- DATA EXTRACTS
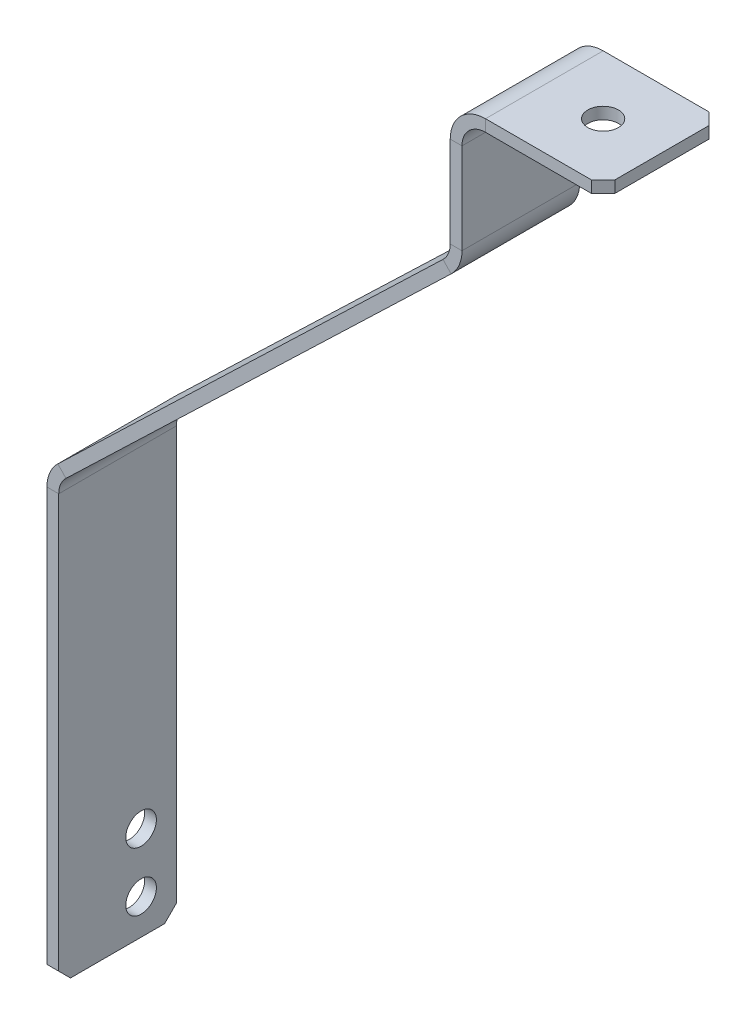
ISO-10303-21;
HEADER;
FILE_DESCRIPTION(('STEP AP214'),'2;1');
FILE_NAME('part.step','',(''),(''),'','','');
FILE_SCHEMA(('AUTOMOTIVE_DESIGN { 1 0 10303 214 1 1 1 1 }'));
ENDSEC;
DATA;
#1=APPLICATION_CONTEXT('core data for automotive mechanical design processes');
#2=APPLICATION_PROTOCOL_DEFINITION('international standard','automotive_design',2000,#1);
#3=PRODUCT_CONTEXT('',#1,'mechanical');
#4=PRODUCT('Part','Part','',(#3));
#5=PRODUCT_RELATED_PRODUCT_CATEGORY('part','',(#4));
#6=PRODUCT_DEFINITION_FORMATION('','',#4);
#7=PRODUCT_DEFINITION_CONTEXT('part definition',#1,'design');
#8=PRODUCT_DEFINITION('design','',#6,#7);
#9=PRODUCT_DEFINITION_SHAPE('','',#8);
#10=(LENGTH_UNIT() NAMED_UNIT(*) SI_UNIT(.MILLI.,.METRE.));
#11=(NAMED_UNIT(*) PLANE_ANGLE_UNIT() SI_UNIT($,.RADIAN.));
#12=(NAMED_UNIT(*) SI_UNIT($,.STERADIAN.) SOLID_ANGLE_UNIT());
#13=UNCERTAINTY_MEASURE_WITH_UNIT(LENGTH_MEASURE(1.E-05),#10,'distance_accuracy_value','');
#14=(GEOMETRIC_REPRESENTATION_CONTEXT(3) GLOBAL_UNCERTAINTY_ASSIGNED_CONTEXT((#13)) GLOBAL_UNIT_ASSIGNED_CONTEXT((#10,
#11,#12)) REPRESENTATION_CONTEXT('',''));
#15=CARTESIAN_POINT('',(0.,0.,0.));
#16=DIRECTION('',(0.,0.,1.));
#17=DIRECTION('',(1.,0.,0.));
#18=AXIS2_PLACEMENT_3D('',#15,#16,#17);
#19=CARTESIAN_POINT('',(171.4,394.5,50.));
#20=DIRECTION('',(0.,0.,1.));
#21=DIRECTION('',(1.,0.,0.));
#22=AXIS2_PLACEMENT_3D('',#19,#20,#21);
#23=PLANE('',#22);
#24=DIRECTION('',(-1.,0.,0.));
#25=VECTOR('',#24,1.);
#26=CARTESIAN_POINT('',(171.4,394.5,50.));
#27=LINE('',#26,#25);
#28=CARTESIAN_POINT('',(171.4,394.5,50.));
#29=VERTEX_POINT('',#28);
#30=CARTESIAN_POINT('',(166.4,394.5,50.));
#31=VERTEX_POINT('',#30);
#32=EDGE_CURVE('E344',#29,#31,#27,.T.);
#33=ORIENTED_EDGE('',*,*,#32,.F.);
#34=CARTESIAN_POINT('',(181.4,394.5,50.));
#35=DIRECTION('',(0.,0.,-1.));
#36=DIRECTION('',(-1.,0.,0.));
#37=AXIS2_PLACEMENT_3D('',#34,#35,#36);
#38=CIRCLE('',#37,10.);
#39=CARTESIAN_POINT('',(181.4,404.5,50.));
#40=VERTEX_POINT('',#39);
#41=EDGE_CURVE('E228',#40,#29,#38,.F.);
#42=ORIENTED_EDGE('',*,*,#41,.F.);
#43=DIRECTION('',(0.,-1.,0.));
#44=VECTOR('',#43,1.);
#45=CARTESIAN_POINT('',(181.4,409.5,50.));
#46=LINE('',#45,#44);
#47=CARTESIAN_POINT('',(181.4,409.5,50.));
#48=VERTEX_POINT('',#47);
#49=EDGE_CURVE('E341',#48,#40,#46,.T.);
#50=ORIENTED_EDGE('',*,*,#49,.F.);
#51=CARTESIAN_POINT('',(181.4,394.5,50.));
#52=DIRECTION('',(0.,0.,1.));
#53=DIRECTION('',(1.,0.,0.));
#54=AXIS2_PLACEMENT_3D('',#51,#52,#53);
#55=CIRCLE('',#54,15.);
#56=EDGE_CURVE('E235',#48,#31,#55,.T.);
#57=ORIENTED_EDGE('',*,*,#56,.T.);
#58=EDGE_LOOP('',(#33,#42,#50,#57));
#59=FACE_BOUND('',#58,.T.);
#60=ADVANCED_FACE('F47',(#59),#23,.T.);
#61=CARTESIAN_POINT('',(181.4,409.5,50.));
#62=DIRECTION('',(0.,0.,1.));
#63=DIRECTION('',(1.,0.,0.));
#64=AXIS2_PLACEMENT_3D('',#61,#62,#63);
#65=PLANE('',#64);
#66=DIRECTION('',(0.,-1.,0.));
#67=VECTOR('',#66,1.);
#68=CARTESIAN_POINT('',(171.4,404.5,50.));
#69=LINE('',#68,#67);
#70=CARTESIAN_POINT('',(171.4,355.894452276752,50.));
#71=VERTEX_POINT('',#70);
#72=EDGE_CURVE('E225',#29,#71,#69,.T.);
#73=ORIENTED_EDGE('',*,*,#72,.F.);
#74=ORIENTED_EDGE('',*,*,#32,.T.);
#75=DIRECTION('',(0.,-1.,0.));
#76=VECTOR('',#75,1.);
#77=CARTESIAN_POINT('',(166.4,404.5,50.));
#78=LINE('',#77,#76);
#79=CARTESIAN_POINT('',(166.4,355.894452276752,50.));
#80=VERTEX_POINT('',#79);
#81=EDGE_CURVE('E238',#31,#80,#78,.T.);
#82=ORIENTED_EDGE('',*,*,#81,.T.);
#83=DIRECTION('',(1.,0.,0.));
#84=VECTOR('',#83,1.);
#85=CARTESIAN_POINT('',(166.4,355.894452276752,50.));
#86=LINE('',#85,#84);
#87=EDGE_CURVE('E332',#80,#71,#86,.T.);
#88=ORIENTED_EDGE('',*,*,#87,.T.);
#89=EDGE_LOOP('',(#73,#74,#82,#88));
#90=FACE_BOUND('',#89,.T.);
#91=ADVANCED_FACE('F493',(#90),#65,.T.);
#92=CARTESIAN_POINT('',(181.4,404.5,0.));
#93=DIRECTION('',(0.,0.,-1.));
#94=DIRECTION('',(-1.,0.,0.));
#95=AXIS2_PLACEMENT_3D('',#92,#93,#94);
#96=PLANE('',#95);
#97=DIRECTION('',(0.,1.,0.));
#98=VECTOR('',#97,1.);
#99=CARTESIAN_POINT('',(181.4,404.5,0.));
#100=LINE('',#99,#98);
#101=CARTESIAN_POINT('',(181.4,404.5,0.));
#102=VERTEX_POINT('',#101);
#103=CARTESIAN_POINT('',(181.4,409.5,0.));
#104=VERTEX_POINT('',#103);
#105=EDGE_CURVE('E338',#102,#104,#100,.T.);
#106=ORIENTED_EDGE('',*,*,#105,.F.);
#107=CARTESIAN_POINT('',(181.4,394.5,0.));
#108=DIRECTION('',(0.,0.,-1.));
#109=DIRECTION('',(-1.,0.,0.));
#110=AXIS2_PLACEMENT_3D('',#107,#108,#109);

- EXERCISE PROMPT
Write out the entries word for word. Skip the pictures.

- WRITTEN SOLUTION
ISO-10303-21;
HEADER;
FILE_DESCRIPTION(('STEP AP214'),'2;1');
FILE_NAME('part.step','',(''),(''),'','','');
FILE_SCHEMA(('AUTOMOTIVE_DESIGN { 1 0 10303 214 1 1 1 1 }'));
ENDSEC;
DATA;
#1=APPLICATION_CONTEXT('core data for automotive mechanical design processes');
#2=APPLICATION_PROTOCOL_DEFINITION('international standard','automotive_design',2000,#1);
#3=PRODUCT_CONTEXT('',#1,'mechanical');
#4=PRODUCT('Part','Part','',(#3));
#5=PRODUCT_RELATED_PRODUCT_CATEGORY('part','',(#4));
#6=PRODUCT_DEFINITION_FORMATION('','',#4);
#7=PRODUCT_DEFINITION_CONTEXT('part definition',#1,'design');
#8=PRODUCT_DEFINITION('design','',#6,#7);
#9=PRODUCT_DEFINITION_SHAPE('','',#8);
#10=(LENGTH_UNIT() NAMED_UNIT(*) SI_UNIT(.MILLI.,.METRE.));
#11=(NAMED_UNIT(*) PLANE_ANGLE_UNIT() SI_UNIT($,.RADIAN.));
#12=(NAMED_UNIT(*) SI_UNIT($,.STERADIAN.) SOLID_ANGLE_UNIT());
#13=UNCERTAINTY_MEASURE_WITH_UNIT(LENGTH_MEASURE(1.E-05),#10,'distance_accuracy_value','');
#14=(GEOMETRIC_REPRESENTATION_CONTEXT(3) GLOBAL_UNCERTAINTY_ASSIGNED_CONTEXT((#13)) GLOBAL_UNIT_ASSIGNED_CONTEXT((#10,
#11,#12)) REPRESENTATION_CONTEXT('',''));
#15=CARTESIAN_POINT('',(0.,0.,0.));
#16=DIRECTION('',(0.,0.,1.));
#17=DIRECTION('',(1.,0.,0.));
#18=AXIS2_PLACEMENT_3D('',#15,#16,#17);
#19=CARTESIAN_POINT('',(171.4,394.5,50.));
#20=DIRECTION('',(0.,0.,1.));
#21=DIRECTION('',(1.,0.,0.));
#22=AXIS2_PLACEMENT_3D('',#19,#20,#21);
#23=PLANE('',#22);
#24=DIRECTION('',(-1.,0.,0.));
#25=VECTOR('',#24,1.);
#26=CARTESIAN_POINT('',(171.4,394.5,50.));
#27=LINE('',#26,#25);
#28=CARTESIAN_POINT('',(171.4,394.5,50.));
#29=VERTEX_POINT('',#28);
#30=CARTESIAN_POINT('',(166.4,394.5,50.));
#31=VERTEX_POINT('',#30);
#32=EDGE_CURVE('E344',#29,#31,#27,.T.);
#33=ORIENTED_EDGE('',*,*,#32,.F.);
#34=CARTESIAN_POINT('',(181.4,394.5,50.));
#35=DIRECTION('',(0.,0.,-1.));
#36=DIRECTION('',(-1.,0.,0.));
#37=AXIS2_PLACEMENT_3D('',#34,#35,#36);
#38=CIRCLE('',#37,10.);
#39=CARTESIAN_POINT('',(181.4,404.5,50.));
#40=VERTEX_POINT('',#39);
#41=EDGE_CURVE('E228',#40,#29,#38,.F.);
#42=ORIENTED_EDGE('',*,*,#41,.F.);
#43=DIRECTION('',(0.,-1.,0.));
#44=VECTOR('',#43,1.);
#45=CARTESIAN_POINT('',(181.4,409.5,50.));
#46=LINE('',#45,#44);
#47=CARTESIAN_POINT('',(181.4,409.5,50.));
#48=VERTEX_POINT('',#47);
#49=EDGE_CURVE('E341',#48,#40,#46,.T.);
#50=ORIENTED_EDGE('',*,*,#49,.F.);
#51=CARTESIAN_POINT('',(181.4,394.5,50.));
#52=DIRECTION('',(0.,0.,1.));
#53=DIRECTION('',(1.,0.,0.));
#54=AXIS2_PLACEMENT_3D('',#51,#52,#53);
#55=CIRCLE('',#54,15.);
#56=EDGE_CURVE('E235',#48,#31,#55,.T.);
#57=ORIENTED_EDGE('',*,*,#56,.T.);
#58=EDGE_LOOP('',(#33,#42,#50,#57));
#59=FACE_BOUND('',#58,.T.);
#60=ADVANCED_FACE('F47',(#59),#23,.T.);
#61=CARTESIAN_POINT('',(181.4,409.5,50.));
#62=DIRECTION('',(0.,0.,1.));
#63=DIRECTION('',(1.,0.,0.));
#64=AXIS2_PLACEMENT_3D('',#61,#62,#63);
#65=PLANE('',#64);
#66=DIRECTION('',(0.,-1.,0.));
#67=VECTOR('',#66,1.);
#68=CARTESIAN_POINT('',(171.4,404.5,50.));
#69=LINE('',#68,#67);
#70=CARTESIAN_POINT('',(171.4,355.894452276752,50.));
#71=VERTEX_POINT('',#70);
#72=EDGE_CURVE('E225',#29,#71,#69,.T.);
#73=ORIENTED_EDGE('',*,*,#72,.F.);
#74=ORIENTED_EDGE('',*,*,#32,.T.);
#75=DIRECTION('',(0.,-1.,0.));
#76=VECTOR('',#75,1.);
#77=CARTESIAN_POINT('',(166.4,404.5,50.));
#78=LINE('',#77,#76);
#79=CARTESIAN_POINT('',(166.4,355.894452276752,50.));
#80=VERTEX_POINT('',#79);
#81=EDGE_CURVE('E238',#31,#80,#78,.T.);
#82=ORIENTED_EDGE('',*,*,#81,.T.);
#83=DIRECTION('',(1.,0.,0.));
#84=VECTOR('',#83,1.);
#85=CARTESIAN_POINT('',(166.4,355.894452276752,50.));
#86=LINE('',#85,#84);
#87=EDGE_CURVE('E332',#80,#71,#86,.T.);
#88=ORIENTED_EDGE('',*,*,#87,.T.);
#89=EDGE_LOOP('',(#73,#74,#82,#88));
#90=FACE_BOUND('',#89,.T.);
#91=ADVANCED_FACE('F493',(#90),#65,.T.);
#92=CARTESIAN_POINT('',(181.4,404.5,0.));
#93=DIRECTION('',(0.,0.,-1.));
#94=DIRECTION('',(-1.,0.,0.));
#95=AXIS2_PLACEMENT_3D('',#92,#93,#94);
#96=PLANE('',#95);
#97=DIRECTION('',(0.,1.,0.));
#98=VECTOR('',#97,1.);
#99=CARTESIAN_POINT('',(181.4,404.5,0.));
#100=LINE('',#99,#98);
#101=CARTESIAN_POINT('',(181.4,404.5,0.));
#102=VERTEX_POINT('',#101);
#103=CARTESIAN_POINT('',(181.4,409.5,0.));
#104=VERTEX_POINT('',#103);
#105=EDGE_CURVE('E338',#102,#104,#100,.T.);
#106=ORIENTED_EDGE('',*,*,#105,.F.);
#107=CARTESIAN_POINT('',(181.4,394.5,0.));
#108=DIRECTION('',(0.,0.,-1.));
#109=DIRECTION('',(-1.,0.,0.));
#110=AXIS2_PLACEMENT_3D('',#107,#108,#109);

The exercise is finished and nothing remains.